Question

Enough money has been budgeted to collect independent random samples of size $n_1=n_2=100$from populations 1 and 2 to estimate localid="1664867109106" ${\mu }_1-{\mu }_2$. Prior information indicates that ${\sigma }_1={\sigma }_2=10$. Have sufficient funds been allocated to construct a 90% confidence interval for${\mu }_1-{\mu }_2$of width 5 or less?
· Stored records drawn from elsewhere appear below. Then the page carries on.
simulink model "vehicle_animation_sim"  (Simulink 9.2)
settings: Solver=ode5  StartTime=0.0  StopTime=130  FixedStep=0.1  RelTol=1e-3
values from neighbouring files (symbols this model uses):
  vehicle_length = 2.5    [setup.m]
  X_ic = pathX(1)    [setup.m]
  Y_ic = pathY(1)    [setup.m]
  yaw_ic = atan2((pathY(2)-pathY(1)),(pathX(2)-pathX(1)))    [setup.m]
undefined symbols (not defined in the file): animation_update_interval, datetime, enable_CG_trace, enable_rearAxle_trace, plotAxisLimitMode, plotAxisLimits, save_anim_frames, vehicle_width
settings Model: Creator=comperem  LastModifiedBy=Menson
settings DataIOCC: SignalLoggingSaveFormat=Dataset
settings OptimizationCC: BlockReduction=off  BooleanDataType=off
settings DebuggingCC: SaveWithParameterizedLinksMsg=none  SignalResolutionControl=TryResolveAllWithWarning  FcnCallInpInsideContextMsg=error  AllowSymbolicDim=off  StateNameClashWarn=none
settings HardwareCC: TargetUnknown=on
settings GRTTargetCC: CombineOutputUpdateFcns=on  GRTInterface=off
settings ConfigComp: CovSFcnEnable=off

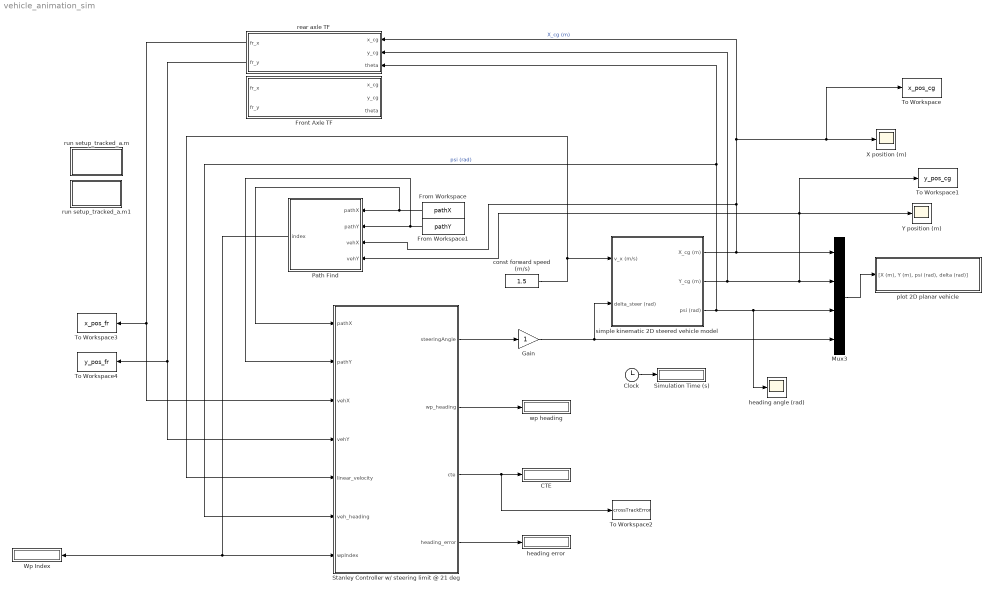
== system vehicle_animation_sim ==
  "CTE " : Display
  Clock : Clock
  From Workspace : FromWorkspace  VariableName=pathX  SampleTime=0
  From Workspace1 : FromWorkspace  VariableName=pathY  SampleTime=0
  Front Axle TF : MATLAB Function  TreatAsAtomicUnit=on
  Gain : Gain
  Mux3 : Mux
  Path Find : MATLAB Function  TreatAsAtomicUnit=on
  Simulation Time (s) : Display
  Stanley Controller w/ steering limit @ 21 deg : MATLAB Function  TreatAsAtomicUnit=on
  To Workspace : ToWorkspace  VariableName=x_pos_cg  SampleTime=-1
      settings: Save2DSignal=2-D array (concatenate along first dimension)
  To Workspace1 : ToWorkspace  VariableName=y_pos_cg  SampleTime=-1
      settings: Save2DSignal=2-D array (concatenate along first dimension)
  To Workspace2 : ToWorkspace  VariableName=crossTrackError  SampleTime=-1
      settings: Save2DSignal=2-D array (concatenate along first dimension)
  To Workspace3 : ToWorkspace  VariableName=x_pos_fr  SampleTime=-1
      settings: Save2DSignal=2-D array (concatenate along first dimension)
  To Workspace4 : ToWorkspace  VariableName=y_pos_fr  SampleTime=-1
      settings: Save2DSignal=2-D array (concatenate along first dimension)
  Wp Index : Display
  X position (m) : Scope
  Y position (m) : Scope
  const forward speed (m/s) : Constant  Value=1.5
  heading angle (rad) : Scope
  heading error : Display
  plot 2D planar vehicle : Subsystem  mask(6DoF Animation){axisMode=plotAxisLimitMode, ax=plotAxisLimits, Ts=animation_update_interval, enable_CG_trace=enable_CG_trace, enable_rearAxle_trace=enable_rearAxle_trace, save_anim_frames=save_anim_frames, anim_frame_name_str=char(datetime('now','Format','yyyy-MM-dd_HH_mm_ss')), L=vehicle_length, W=vehicle_width}
      mask prompts: axisMode "Axis Mode (0->auto, 1->fixed, BOTH use Axes Limits below)"; ax "Axes limits [xmin xmax ymin ymax] (m):"; Ts "Time interval between updates (s):"; enable_CG_trace "Enable vehicle CG trace? (0/1)"; enable_rearAxle_trace "Enable rear axle trace? (0/1)"; save_anim_frames "Save animaton frames? (0/1)"; anim_frame_name_str "Animation sequence name (if save frames==1)"; L "Vehicle length (m)"; W "Vehicle width (m)"
      mask help:
      | Create a 2D animated view of a steering vehicle model with tires.
      |
      | Marc Compere
      | CompereM@saic.com
      | created : 22 August 2002
      | modified: 28 Dec 2015
      mask init:
      | Config.axisMode=axisMode;
      | Config.ax=ax;
      | Config.Ts=Ts;
      | Config.enable_CG_trace=enable_CG_trace;
      | Config.enable_rearAxle_trace=enable_rearAxle_trace;
      | Config.save_anim_frames=save_anim_frames;
      | Config.anim_frame_name_str=anim_frame_name_str;
      | Config.L=L;
      | Config.W=W;
      mask Help:
      | <p>This block generates a 3 dimensional display of a simulation trajectory, with the craft orientation displayed during flight</p>
      | 
      | <p>There are two inputs to this block, Position and Euler.  These inputs contain more than one signal as described below.</p>
      | 
      | <p><H4>Block Vector Input - Position</H4>
      | <ul>
      | <li>X Position</li>
      | <li>Y Position</li>
      | <li>Z Position</li>
      | </ul>
      | </p>
      | 
      | <p><H4>Block Vector Input - Euler</H4>
      |     <ul>
      |     <li>Roll Attitude</li>
      |     <li>Pitch Attitude</li>
      |     <li>Yaw Attitude</li>
      |    </ul>
      |    </p>
  rear axle TF : MATLAB Function  TreatAsAtomicUnit=on
  run setup_tracked_a.m : Subsystem
      settings: OpenFcn=setup
      mask Display: fprintf('run setup.m')
  run setup_tracked_a.m1 : Subsystem
      settings: OpenFcn=edit setup
      mask Display: fprintf('edit setup.m')
  simple kinematic 2D steered vehicle model : Subsystem
  wp heading : Display
  wires:
  simple kinematic 2D steered vehicle model/1(X_cg (m)) -> rear axle TF/1(x_cg), To Workspace/1, X position (m)/1, Path Find/3(vehX), Mux3/1  "X_cg (m)"
  simple kinematic 2D steered vehicle model/2(Y_cg (m)) -> rear axle TF/2(y_cg), Path Find/4(vehY), Y position (m)/1, To Workspace1/1, Mux3/2
  simple kinematic 2D steered vehicle model/3(psi (rad)) -> Stanley Controller w/ steering limit @ 21 deg/6(veh_heading), rear axle TF/3(theta), heading angle (rad)/1, Mux3/3  "psi (rad)"
  Clock/1 -> Simulation Time (s)/1
  Mux3/1 -> plot 2D planar vehicle/1("[X (m), Y (m), psi (rad), delta (rad)]")
  const forward speed (m/s)/1 -> Stanley Controller w/ steering limit @ 21 deg/5(linear_velocity), simple kinematic 2D steered vehicle model/1(v_x (m/s))
  Gain/1 -> simple kinematic 2D steered vehicle model/2(delta_steer (rad)), Mux3/4
  Stanley Controller w/ steering limit @ 21 deg/1(steeringAngle) -> Gain/1
  Path Find/1(index) -> Stanley Controller w/ steering limit @ 21 deg/7(wpIndex), Wp Index/1
  Stanley Controller w/ steering limit @ 21 deg/2(wp_heading) -> wp heading/1
  Stanley Controller w/ steering limit @ 21 deg/3(cte) -> To Workspace2/1, "CTE "/1
  Stanley Controller w/ steering limit @ 21 deg/4(heading_error) -> heading error/1
  From Workspace/1 -> Stanley Controller w/ steering limit @ 21 deg/1(pathX), Path Find/1(pathX)
  From Workspace1/1 -> Stanley Controller w/ steering limit @ 21 deg/2(pathY), Path Find/2(pathY)
  rear axle TF/1(fr_x) -> To Workspace3/1, Stanley Controller w/ steering limit @ 21 deg/3(vehX)
  rear axle TF/2(fr_y) -> To Workspace4/1, Stanley Controller w/ steering limit @ 21 deg/4(vehY)

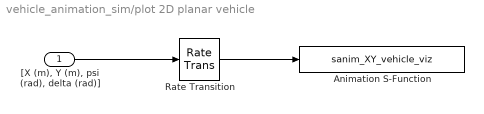
== system vehicle_animation_sim/plot 2D planar vehicle ==
  "[X (m), Y (m), psi (rad), delta (rad)]" : Inport
  Animation S-Function : S-Function  FunctionName=sanim_XY_vehicle_viz  Parameters=Config  SFunctionDeploymentMode=off  EnableBusSupport=off
  Rate Transition : RateTransition  Integrity=off
  wires:
  "[X (m), Y (m), psi (rad), delta (rad)]"/1 -> Rate Transition/1
  Rate Transition/1 -> Animation S-Function/1

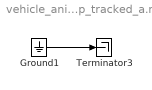
== system vehicle_animation_sim/run setup_tracked_a.m ==
  Ground1 : Ground
  Terminator3 : Terminator
  wires:
  Ground1/1 -> Terminator3/1

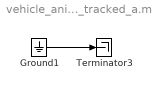
== system vehicle_animation_sim/run setup_tracked_a.m1 ==
  Ground1 : Ground
  Terminator3 : Terminator
  wires:
  Ground1/1 -> Terminator3/1

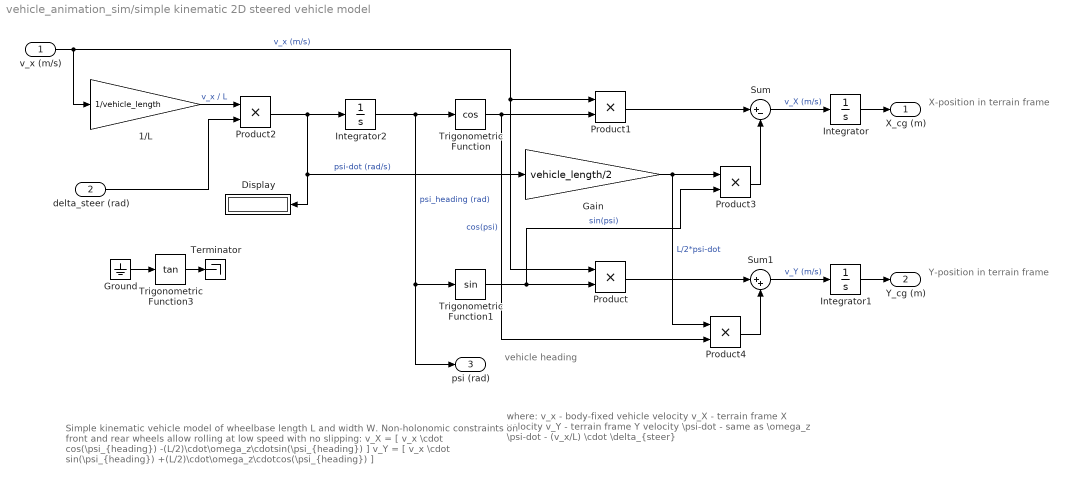
== system vehicle_animation_sim/simple kinematic 2D steered vehicle model ==
  note: where:
      |    v_x - body-fixed vehicle velocity
      |    v_X - terrain frame X velocity
      |    v_Y - terrain frame Y velocity
      |    \psi-dot - same as \omega_z
      |    \psi-dot - (v_x/L) \cdot \delta_{steer}
  note: X-position in
      | terrain frame
  note: Simple kinematic vehicle model of wheelbase
      | length L and width W.
      | Non-holonomic constraints on front and rear wheels
      | allow rolling at low speed with no slipping:
      |
      |    v_X = [ v_x \cdot cos(\psi_{heading}) -(L/2)\cdot\omega_z\cdotsin(\psi_{heading}) ]
      |    v_Y = [ v_x \cdot sin(\psi_{heading}) +(L/2)\cdot\omega_z\cdotcos(\psi_{heading}) ]
  note: vehicle
      | heading
  note: Y-position in
      | terrain frame
  v_x (m/s) : Inport
  delta_steer (rad) : Inport  Port=2
  1/L : Gain  Gain=1/vehicle_length
  Display : Display
  Gain : Gain  Gain=vehicle_length/2
  Ground : Ground
  Integrator : Integrator  InitialCondition=X_ic
  Integrator1 : Integrator  InitialCondition=Y_ic
  Integrator2 : Integrator  InitialCondition=yaw_ic
  Product{,1..4} (5 alike) : Product  RndMeth=Zero
  Sum : Sum  Inputs=|+-
  Sum1 : Sum  Inputs=|++
  Terminator : Terminator
  Trigonometric Function : Trigonometry  Operator=cos
  Trigonometric Function1 : Trigonometry
  Trigonometric Function3 : Trigonometry  Operator=tan
  X_cg (m) : Outport  OutDataTypeStr=double  PortDimensions=1
  Y_cg (m) : Outport  Port=2  OutDataTypeStr=double  PortDimensions=1
  psi (rad) : Outport  Port=3
  wires:
  Product/1 -> Sum1/1
  Product1/1 -> Sum/1
  Trigonometric Function/1 -> Product4/2, Product1/2  "cos(psi)"
  Trigonometric Function1/1 -> Product/2, Product3/2  "sin(psi)"
  Integrator2/1 -> Trigonometric Function/1, Trigonometric Function1/1, psi (rad)/1  "psi_heading (rad)"
  Integrator/1 -> X_cg (m)/1
  Integrator1/1 -> Y_cg (m)/1
  v_x (m/s)/1 -> Product/1, Product1/1, 1/L/1  "v_x (m/s)"
  Product2/1 -> Gain/1, Display/1, Integrator2/1  "psi-dot (rad/s)"
  1/L/1 -> Product2/1  "v_x / L"
  Sum/1 -> Integrator/1  "v_X (m/s)"
  Sum1/1 -> Integrator1/1  "v_Y (m/s)"
  Gain/1 -> Product4/1, Product3/1  "L/2*psi-dot"
  Product3/1 -> Sum/2
  Product4/1 -> Sum1/2
  delta_steer (rad)/1 -> Product2/2
  Ground/1 -> Trigonometric Function3/1
  Trigonometric Function3/1 -> Terminator/1

== matlab function Path Find ==
  data: pathX input double; pathY input double; vehX input double; vehY input double; index output double size=1
function index = path(pathX,pathY,vehX,vehY)
index = pathSearch(pathX,pathY,vehX,vehY);
end

== matlab function Stanley Controller w// steering limit @ 21 deg ==
  data: pathX input double; steeringAngle output double; pathY input double; vehX input double size=1; vehY input double size=1; linear_velocity input double; veh_heading input double; wpIndex input double; wp_heading output double; cte output double; heading_error output double
function [steeringAngle, wp_heading, cte, heading_error] = stanley(pathX,pathY,vehX,vehY,linear_velocity,veh_heading, wpIndex)
    [steeringAngle,wp_heading, cte, heading_error] = stanleyController(pathX,pathY,vehX,vehY,linear_velocity,veh_heading, wpIndex);
end

== matlab function Front Axle TF ==
  data: x_cg input double; fr_x output double; fr_y output double; y_cg input double; theta input double
function [fr_x, fr_y] = cg_to_front_axle(x_cg, y_cg, theta)

fr_x = x_cg + (2.5*cos(theta));
fr_y = y_cg + (2.5*sin(theta));
end

== matlab function rear axle TF ==
  data: x_cg input double; fr_x output double; fr_y output double; y_cg input double; theta input double
function [fr_x, fr_y] = cg_to_rear_axle(x_cg, y_cg, theta)

fr_x = x_cg - (2.5*cos(theta));
fr_y = y_cg - (2.5*sin(theta));
end

Justify your answer.

Short answer

The required sample size is 22. Since, the sample size for each population is large enough.

Step-by-step solution

Given Information

The sample size of two populations are given below

$n_1=n_2=100$

The standard deviation of two populations are given below

${\sigma }_1={\sigma }_2=10$

The sampling error is

$SE=5$

Z-value

For $\alpha =0.1$

The z-value is given by

$\begin{array}{rcl}{z}_{\frac{\alpha }{2}}& =& z_{0.05}\\ & =& 1.645\end{array}$

Compute the sample

For, $z=1.645,{\sigma }_1={\sigma }_2=10 andSE=5$

The sample is calculated as

$\begin{array}{rcl}{n}_1& =& n_2\\ & =& \frac{{\left(z_{0.05}\right)}^2\times \left[{\sigma }_1^2+{\sigma }_2^2\right]}{{\left(SE\right)}^2}\\ & =& \frac{{1.645}^2\times \left[{10}^2+{10}^2\right]}{5^2}\\ & =& \frac{2.7060\times 200}{25}\\ & =& \frac{541.2}{25}\\ & =& 21.648\\ & \approx & 22\end{array}$

Therefore, the required sample size is 22.

Since, the sample size for each population is large enough.